2) Expansão do crédito dos bancos estatais
Esse
segundo fator decorre diretamente do primeiro.
Com a eclosão da crise financeira ao final de 2008, que começou
com a quebra do
Lehman Brothers, houve um congelamento no mercado de crédito global. Ato contínuo, os bancos privados brasileiros,
por causa desse cenário de grande incerteza, se tornaram mais cautelosos.
Consequentemente,
com o intuito de manter o consumo a todo custo, o governo fez com que os bancos
estatais — que estão sob o comando da Fazenda — assumissem uma postura
acentuadamente contracíclica. O Banco do Brasil, a Caixa e o BNDES
abriram as torneiras e mantiveram o crédito. Resultado: o crédito no
Brasil passou a ser concedido majoritariamente via bancos estatais, e quase
sempre a juros abaixo da própria taxa SELIC.
O
gráfico abaixo mostra a expansão do crédito ocorrida no Brasil desde a criação
do real. A linha azul mostra o total de crédito concedido pelos bancos privados
(Itaú, Bradesco, Santander, HSBC, Citibank e outros pequenos). A linha
vermelha mostra o total de crédito concedido pelos bancos estatais (Banco do
Brasil, Caixa Econômica Federal, BNDES, Banco do Nordeste e outros bancos
públicos estaduais, como Banrisul, BRB, Banco da Amazônia, Banestes).

É
nítida a forte inclinação adquirida pela linha vermelha a partir de meados de
2008, assumindo um formato de crescimento exponencial. Entre 2009 e 2015, o crédito concedido pelos
bancos estatais praticamente quadruplicou.
Vale
enfatizar que, no nosso atual sistema monetário e bancário, o processo de
expansão do crédito gera um aumento da quantidade de dinheiro na economia. Quando uma pessoa ou empresa pega empréstimo,
os bancos criam dinheiro do nada — na verdade, meros dígitos eletrônicos — e
simplesmente acrescentam esses dígitos na conta do tomador do empréstimo.
Ou
seja, todo esse processo de expansão de crédito nada mais é do que um mecanismo
que aumenta a quantidade de dinheiro na
economia. (Mesmo o BNDES, que antigamente utilizava apenas recursos
do FAT, teve sua operação alterada, e agora também se tornou uma máquina de criar dinheiro,
ainda que de maneira indireta).
Explicar
o funcionamento do sistema bancário está fora do escopo desse artigo (você pode
entender todos os detalhes do sistema bancário neste artigo), de modo
que basta dizer que os bancos, quando emprestam dinheiro, criam dígitos
eletrônicos do nada, e esses dígitos eletrônicos representam
dinheiro.
Consequentemente,
o gráfico acima mostra a quantidade de dinheiro que os bancos (privados e
estatais) jogaram na economia.
Além
de comprovar que o crédito no Brasil já se encontra efetivamente estatizado —
pois o volume de crédito fornecido pelos bancos estatais ultrapassou em muito o
volume de crédito fornecido pelos bancos privados —, o gráfico acima mostra
que são os bancos estatais os principais causadores da carestia que estamos
vivenciando no Brasil. De 2009 até hoje, eles sozinhos já jogaram
mais de R$ 1,25 trilhão na economia brasileira. Nesse mesmo período, os
bancos privados jogaram "apenas" R$ 600 bilhões.
Quanto
mais dinheiro eles jogam na economia, maior é a pressão sobre os preços.
E
há um detalhe maléfico: os bancos estatais trabalham majoritariamente com uma
modalidade de crédito chamada "crédito direcionado".

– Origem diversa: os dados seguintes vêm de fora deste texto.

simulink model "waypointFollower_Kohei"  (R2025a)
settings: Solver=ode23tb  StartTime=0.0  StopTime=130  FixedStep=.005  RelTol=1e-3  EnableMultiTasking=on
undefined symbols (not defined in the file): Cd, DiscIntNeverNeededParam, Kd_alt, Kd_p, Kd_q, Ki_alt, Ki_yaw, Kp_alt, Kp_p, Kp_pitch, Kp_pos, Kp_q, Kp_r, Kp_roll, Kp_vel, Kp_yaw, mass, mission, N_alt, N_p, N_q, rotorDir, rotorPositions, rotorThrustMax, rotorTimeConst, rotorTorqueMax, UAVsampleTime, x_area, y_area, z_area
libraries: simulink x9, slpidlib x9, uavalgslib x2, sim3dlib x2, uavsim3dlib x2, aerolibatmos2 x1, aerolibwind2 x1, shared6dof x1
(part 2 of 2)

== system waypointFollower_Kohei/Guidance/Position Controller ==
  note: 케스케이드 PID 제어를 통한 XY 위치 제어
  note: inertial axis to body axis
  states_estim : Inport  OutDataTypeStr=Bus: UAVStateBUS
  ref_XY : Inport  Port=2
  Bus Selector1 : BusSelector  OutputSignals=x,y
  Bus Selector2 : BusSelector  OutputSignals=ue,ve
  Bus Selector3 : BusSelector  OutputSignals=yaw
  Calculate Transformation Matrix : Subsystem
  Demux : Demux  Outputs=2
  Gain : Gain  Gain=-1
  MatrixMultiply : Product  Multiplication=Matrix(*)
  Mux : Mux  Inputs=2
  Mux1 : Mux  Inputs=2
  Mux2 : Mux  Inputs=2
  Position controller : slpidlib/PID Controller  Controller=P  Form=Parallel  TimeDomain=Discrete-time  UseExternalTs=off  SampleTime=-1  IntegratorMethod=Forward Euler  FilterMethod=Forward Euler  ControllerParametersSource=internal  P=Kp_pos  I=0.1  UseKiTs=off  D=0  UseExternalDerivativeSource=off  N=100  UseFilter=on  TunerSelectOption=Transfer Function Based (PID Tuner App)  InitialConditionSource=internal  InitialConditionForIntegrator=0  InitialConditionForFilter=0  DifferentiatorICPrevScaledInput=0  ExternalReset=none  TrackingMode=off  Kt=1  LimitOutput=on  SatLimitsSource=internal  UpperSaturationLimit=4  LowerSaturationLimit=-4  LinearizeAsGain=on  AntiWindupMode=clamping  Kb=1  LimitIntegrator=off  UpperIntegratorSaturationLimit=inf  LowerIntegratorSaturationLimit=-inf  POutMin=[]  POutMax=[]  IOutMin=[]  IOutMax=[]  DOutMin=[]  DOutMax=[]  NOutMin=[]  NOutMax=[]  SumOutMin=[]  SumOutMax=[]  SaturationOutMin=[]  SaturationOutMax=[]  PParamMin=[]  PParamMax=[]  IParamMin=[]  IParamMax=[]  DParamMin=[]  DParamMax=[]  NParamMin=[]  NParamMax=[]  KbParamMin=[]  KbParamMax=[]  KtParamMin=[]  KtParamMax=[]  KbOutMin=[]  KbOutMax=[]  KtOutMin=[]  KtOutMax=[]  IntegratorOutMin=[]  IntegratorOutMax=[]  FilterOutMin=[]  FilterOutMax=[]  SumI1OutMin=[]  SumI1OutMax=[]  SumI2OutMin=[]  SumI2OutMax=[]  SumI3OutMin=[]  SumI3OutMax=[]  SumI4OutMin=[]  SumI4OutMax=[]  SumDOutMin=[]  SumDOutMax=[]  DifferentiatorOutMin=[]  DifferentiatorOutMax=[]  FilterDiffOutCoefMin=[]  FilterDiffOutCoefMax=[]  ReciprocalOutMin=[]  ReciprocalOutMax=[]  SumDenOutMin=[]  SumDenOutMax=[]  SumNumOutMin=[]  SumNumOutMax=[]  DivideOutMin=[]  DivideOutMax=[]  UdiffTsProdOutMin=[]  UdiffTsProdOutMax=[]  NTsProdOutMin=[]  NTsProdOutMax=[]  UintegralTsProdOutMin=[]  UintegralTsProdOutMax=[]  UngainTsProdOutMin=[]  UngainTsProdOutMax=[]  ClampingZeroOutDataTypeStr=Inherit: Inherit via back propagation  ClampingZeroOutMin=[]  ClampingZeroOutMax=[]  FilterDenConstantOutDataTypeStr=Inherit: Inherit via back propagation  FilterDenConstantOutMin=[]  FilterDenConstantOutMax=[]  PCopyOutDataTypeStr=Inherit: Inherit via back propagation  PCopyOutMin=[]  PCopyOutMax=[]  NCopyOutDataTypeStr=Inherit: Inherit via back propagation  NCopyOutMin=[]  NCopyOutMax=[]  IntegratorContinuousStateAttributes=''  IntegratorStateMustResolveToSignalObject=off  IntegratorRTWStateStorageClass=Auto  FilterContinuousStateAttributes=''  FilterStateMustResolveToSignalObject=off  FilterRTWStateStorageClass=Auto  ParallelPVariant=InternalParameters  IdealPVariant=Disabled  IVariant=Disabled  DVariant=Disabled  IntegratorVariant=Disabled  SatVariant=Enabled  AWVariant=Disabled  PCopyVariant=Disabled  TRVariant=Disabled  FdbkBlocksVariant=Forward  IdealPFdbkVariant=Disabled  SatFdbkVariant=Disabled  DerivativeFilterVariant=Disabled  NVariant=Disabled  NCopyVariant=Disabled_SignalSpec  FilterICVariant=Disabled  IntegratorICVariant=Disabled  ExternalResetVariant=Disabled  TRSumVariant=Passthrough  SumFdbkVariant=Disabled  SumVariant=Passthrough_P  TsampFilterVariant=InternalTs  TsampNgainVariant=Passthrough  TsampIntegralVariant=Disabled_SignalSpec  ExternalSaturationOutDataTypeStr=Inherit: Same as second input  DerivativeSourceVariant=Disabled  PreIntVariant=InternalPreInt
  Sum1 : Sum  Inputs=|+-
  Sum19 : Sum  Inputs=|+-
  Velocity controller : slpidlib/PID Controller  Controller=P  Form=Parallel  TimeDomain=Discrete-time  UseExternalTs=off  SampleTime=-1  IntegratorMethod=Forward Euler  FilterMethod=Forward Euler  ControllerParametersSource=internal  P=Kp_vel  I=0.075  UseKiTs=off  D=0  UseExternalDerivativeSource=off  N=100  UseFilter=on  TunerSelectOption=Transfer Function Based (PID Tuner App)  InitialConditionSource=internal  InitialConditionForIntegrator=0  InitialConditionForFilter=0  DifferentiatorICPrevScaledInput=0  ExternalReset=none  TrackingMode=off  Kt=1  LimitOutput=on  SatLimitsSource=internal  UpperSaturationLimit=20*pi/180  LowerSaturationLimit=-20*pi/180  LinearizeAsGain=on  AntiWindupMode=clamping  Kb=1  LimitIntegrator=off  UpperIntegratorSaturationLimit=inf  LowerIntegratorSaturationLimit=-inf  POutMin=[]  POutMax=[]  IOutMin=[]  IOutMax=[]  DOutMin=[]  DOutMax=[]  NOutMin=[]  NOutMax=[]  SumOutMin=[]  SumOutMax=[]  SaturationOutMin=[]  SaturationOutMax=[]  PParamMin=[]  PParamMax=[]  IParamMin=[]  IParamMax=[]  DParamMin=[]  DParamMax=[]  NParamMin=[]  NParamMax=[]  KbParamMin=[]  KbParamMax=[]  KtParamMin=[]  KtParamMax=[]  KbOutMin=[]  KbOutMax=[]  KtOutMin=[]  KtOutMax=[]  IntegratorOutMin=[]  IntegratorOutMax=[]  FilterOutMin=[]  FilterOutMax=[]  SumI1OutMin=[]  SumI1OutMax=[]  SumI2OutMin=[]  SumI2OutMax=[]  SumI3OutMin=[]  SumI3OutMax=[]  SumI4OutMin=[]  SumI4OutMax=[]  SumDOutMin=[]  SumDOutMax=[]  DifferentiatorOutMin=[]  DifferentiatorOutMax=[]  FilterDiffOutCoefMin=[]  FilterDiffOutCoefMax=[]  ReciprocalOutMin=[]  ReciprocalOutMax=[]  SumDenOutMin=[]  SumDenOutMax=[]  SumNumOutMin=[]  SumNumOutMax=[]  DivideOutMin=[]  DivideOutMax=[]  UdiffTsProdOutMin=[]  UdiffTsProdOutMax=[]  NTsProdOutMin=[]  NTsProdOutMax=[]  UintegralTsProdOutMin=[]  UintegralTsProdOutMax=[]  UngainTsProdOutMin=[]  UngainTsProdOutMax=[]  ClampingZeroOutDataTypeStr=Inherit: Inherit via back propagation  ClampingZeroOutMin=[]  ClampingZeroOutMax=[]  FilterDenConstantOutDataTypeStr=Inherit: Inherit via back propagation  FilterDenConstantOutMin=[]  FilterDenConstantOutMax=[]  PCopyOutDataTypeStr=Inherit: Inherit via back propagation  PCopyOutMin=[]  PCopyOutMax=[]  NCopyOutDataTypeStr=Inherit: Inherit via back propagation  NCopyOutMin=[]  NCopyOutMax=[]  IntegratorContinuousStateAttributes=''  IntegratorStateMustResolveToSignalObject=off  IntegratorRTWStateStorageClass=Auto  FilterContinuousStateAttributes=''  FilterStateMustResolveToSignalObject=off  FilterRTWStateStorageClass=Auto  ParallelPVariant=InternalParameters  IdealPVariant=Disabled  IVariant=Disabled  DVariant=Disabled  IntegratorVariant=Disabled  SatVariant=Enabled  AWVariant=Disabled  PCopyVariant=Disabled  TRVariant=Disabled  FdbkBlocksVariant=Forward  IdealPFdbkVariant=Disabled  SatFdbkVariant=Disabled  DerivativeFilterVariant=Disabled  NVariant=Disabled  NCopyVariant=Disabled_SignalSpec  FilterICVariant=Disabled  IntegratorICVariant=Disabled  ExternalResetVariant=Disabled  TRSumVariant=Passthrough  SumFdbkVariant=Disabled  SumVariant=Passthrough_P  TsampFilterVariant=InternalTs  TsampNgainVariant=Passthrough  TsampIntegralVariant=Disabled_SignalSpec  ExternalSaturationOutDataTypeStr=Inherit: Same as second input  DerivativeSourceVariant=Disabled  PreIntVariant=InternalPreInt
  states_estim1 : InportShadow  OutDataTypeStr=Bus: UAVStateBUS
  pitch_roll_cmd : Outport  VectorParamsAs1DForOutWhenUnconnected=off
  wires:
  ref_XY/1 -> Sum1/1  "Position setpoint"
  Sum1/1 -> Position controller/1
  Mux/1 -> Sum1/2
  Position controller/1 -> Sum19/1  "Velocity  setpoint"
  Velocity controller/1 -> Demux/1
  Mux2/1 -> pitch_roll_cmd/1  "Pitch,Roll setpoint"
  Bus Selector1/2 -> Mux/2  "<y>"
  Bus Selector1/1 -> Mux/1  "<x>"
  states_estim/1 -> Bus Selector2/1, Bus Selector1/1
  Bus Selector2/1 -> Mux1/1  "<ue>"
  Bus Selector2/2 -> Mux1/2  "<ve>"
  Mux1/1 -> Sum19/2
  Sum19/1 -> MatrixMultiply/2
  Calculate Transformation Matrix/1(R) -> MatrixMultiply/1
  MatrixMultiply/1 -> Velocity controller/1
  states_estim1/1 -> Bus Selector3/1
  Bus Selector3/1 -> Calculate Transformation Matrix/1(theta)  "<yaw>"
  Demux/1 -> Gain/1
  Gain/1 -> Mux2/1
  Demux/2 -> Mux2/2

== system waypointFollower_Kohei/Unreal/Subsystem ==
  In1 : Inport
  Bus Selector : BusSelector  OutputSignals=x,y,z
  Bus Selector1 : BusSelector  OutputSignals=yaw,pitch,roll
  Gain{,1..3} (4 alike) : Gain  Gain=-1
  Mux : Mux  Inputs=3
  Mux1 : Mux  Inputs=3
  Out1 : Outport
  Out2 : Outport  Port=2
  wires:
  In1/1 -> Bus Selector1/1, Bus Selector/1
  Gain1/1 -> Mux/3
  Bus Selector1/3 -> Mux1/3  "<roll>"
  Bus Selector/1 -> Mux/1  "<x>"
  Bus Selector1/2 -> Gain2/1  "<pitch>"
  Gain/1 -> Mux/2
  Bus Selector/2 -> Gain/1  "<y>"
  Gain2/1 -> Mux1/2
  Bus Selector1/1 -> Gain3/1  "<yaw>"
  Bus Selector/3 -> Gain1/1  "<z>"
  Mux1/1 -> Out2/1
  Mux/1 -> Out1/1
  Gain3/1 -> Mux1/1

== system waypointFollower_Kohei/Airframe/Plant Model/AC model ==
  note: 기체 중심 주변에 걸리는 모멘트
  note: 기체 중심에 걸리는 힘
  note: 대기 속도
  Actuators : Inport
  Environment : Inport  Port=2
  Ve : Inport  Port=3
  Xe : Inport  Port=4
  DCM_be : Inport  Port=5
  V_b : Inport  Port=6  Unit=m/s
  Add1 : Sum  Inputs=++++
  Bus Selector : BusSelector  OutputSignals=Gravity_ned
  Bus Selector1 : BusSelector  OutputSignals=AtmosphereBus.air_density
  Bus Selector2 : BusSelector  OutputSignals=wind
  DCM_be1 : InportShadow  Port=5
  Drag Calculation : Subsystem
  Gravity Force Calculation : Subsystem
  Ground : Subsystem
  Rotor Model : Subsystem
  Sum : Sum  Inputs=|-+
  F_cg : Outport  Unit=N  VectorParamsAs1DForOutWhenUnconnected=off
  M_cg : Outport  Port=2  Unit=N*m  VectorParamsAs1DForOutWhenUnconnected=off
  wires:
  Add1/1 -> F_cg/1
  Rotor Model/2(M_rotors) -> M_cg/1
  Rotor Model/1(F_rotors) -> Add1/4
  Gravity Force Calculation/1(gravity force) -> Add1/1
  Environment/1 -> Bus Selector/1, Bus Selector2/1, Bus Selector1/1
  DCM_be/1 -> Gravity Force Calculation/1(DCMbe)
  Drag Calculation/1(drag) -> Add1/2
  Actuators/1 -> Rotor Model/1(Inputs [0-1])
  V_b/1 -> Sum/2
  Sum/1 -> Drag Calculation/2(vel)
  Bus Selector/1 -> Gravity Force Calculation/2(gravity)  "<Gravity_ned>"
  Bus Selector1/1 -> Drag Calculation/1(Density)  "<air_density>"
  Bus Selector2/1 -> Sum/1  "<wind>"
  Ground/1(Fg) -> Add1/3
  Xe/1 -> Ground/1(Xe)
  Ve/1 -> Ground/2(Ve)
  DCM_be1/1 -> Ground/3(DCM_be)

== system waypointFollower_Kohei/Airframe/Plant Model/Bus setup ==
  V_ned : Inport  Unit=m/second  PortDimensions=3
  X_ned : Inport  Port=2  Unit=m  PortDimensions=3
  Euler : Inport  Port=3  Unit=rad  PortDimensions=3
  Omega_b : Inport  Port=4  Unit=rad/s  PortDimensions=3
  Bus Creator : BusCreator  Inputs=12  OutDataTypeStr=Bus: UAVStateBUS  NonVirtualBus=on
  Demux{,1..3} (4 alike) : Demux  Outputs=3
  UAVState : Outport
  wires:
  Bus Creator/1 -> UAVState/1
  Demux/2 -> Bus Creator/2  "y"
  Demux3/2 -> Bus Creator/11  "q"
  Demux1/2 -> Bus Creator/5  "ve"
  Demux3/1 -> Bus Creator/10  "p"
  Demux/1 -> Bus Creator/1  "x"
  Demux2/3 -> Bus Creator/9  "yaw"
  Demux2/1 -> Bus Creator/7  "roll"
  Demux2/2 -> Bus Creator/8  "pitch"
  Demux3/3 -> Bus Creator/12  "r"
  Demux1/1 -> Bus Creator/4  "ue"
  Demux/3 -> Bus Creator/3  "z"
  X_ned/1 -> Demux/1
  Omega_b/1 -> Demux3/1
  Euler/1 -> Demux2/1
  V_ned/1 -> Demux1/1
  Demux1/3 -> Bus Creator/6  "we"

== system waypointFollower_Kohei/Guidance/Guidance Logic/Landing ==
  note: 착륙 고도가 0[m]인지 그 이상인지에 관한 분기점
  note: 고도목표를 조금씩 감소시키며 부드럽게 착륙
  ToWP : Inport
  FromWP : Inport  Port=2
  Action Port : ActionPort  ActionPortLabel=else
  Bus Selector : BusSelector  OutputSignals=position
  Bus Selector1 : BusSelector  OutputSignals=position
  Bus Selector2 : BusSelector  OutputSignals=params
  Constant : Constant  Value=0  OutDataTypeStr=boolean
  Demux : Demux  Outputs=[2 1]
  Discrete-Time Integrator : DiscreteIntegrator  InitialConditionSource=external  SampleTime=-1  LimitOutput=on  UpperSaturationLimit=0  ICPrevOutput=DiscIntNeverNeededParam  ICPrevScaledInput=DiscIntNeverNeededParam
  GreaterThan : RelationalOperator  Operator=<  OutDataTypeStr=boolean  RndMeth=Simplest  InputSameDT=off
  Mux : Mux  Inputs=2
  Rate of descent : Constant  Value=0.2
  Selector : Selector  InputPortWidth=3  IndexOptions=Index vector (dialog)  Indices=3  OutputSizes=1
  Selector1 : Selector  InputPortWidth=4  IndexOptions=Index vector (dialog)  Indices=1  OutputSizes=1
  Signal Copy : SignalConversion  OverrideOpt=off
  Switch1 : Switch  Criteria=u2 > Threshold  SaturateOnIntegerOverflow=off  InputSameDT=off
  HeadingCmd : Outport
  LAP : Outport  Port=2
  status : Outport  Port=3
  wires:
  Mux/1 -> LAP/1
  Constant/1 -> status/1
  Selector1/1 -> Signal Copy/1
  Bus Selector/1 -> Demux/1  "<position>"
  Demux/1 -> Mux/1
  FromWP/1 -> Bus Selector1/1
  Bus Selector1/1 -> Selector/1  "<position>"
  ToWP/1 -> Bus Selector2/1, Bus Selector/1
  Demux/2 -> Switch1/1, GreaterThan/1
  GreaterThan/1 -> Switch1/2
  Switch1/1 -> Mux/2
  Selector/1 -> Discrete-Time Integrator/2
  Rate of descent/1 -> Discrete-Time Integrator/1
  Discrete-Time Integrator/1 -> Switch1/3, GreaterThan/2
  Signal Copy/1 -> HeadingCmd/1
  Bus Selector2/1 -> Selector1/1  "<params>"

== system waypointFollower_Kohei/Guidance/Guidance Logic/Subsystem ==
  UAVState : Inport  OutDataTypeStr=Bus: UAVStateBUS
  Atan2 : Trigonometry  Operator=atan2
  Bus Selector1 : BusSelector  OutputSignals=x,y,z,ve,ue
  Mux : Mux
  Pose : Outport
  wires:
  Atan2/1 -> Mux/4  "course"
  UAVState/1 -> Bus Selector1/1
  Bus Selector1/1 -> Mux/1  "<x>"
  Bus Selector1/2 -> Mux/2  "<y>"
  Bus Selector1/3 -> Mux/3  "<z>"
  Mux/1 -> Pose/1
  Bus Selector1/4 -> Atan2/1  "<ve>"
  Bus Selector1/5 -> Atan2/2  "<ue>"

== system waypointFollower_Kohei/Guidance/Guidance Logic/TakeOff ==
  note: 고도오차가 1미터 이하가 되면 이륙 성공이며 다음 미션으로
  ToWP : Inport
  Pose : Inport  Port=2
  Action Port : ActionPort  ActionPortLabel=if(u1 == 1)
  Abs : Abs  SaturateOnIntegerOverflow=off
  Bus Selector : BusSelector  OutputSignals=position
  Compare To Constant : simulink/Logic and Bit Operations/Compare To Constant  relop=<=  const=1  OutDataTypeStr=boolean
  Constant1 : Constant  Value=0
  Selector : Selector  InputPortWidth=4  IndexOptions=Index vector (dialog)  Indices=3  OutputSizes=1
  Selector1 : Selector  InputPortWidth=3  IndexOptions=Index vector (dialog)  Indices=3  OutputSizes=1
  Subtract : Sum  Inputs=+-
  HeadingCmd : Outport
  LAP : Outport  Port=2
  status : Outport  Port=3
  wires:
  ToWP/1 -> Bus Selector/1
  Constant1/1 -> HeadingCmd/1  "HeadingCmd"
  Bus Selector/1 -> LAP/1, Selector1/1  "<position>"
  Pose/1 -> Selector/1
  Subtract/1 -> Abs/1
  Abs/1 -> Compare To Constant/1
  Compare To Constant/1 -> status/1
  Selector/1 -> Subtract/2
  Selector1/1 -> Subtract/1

Isso significa que os bancos estatais são obrigados, pelo governo, a fornecer empréstimos
subsidiados pelo Tesouro — a juros bem abaixo da SELIC — para alguns setores
escolhidos pelo governo, sendo os principais o setor imobiliário (para
aquisição de imóveis), o setor rural, o setor exportador e os barões do setor
industrial.
Ou
seja, aquela linha vermelha representa um crédito que é alocado de acordo com
critérios políticos (Minha Casa Minha Vida, Crédito Rural Empresarial, Pronaf,
PRONAMP, FINAME PSI, FIES etc.), ao passo que a linha azul representa um
crédito que é alocado mais de acordo com as reais condições de mercado.
Consequentemente,
a política de juros do Banco Central não afeta aquela linha vermelha. Ela
afeta apenas a linha azul. Ou seja, a política de juros do Banco Central
atua apenas sobre o crédito livre, que é quase todo fornecido pelos bancos
privados. Quanto mais a SELIC sobe, mais
o crédito dos bancos privados é asfixiado, e consequentemente maior é o grau de
estatização do crédito. Isso significa que o combate à carestia via
simples aumento da SELIC não funcionará enquanto os bancos estatais estiverem
sob comando da Fazenda.
Em
última instância, são os bancos estatais os responsáveis pelos juros serem
altos no Brasil. Dado que o "crédito direcionado" é imune à SELIC e dado
que tal modalidade de crédito representa quase metade dos empréstimos feitos no
Brasil (veja aqui
os juros e o volume total do crédito direcionado, e aqui os juros e o
volume total do crédito livre), a conclusão óbvia é que a SELIC tem de estar em
um nível duplamente mais alto apenas para encarecer os empréstimos feitos pelos
bancos privados e, com isso, reduzir um pouco o processo de criação de
dinheiro.
Caso
os bancos estatais operassem sob as mesmas leis que valem para os bancos
privados, a SELIC seria menor e, consequentemente, os juros cobrados pelos
bancos privados também seriam menores do que são hoje; por outro lado, os juros
cobrados pelos bancos estatais seriam maiores do que são hoje. No geral,
teríamos taxas de juros (do crédito livre) e de inflação de preços um pouco
mais civilizadas.
3) Déficits orçamentários do governo
Quando
o governo incorre em um déficit orçamentário — ou seja, quando ele gasta mais
do que arrecada com impostos —, o Tesouro emite títulos. Esses títulos são majoritariamente comprados
pelos bancos por
meio do processo de criação de dinheiro descrito acima.
Portanto,
os déficits do governo são uma medida inerentemente inflacionária.
O
gráfico abaixo mostra o total de títulos que o Tesouro emitiu e que ainda estão
em circulação. Ou seja, grosso modo, o
gráfico abaixo mostra a quantidade de dinheiro que os bancos criaram para
comprar esses títulos.

Observe
que, de 1998 a 2008, o crescimento é linear.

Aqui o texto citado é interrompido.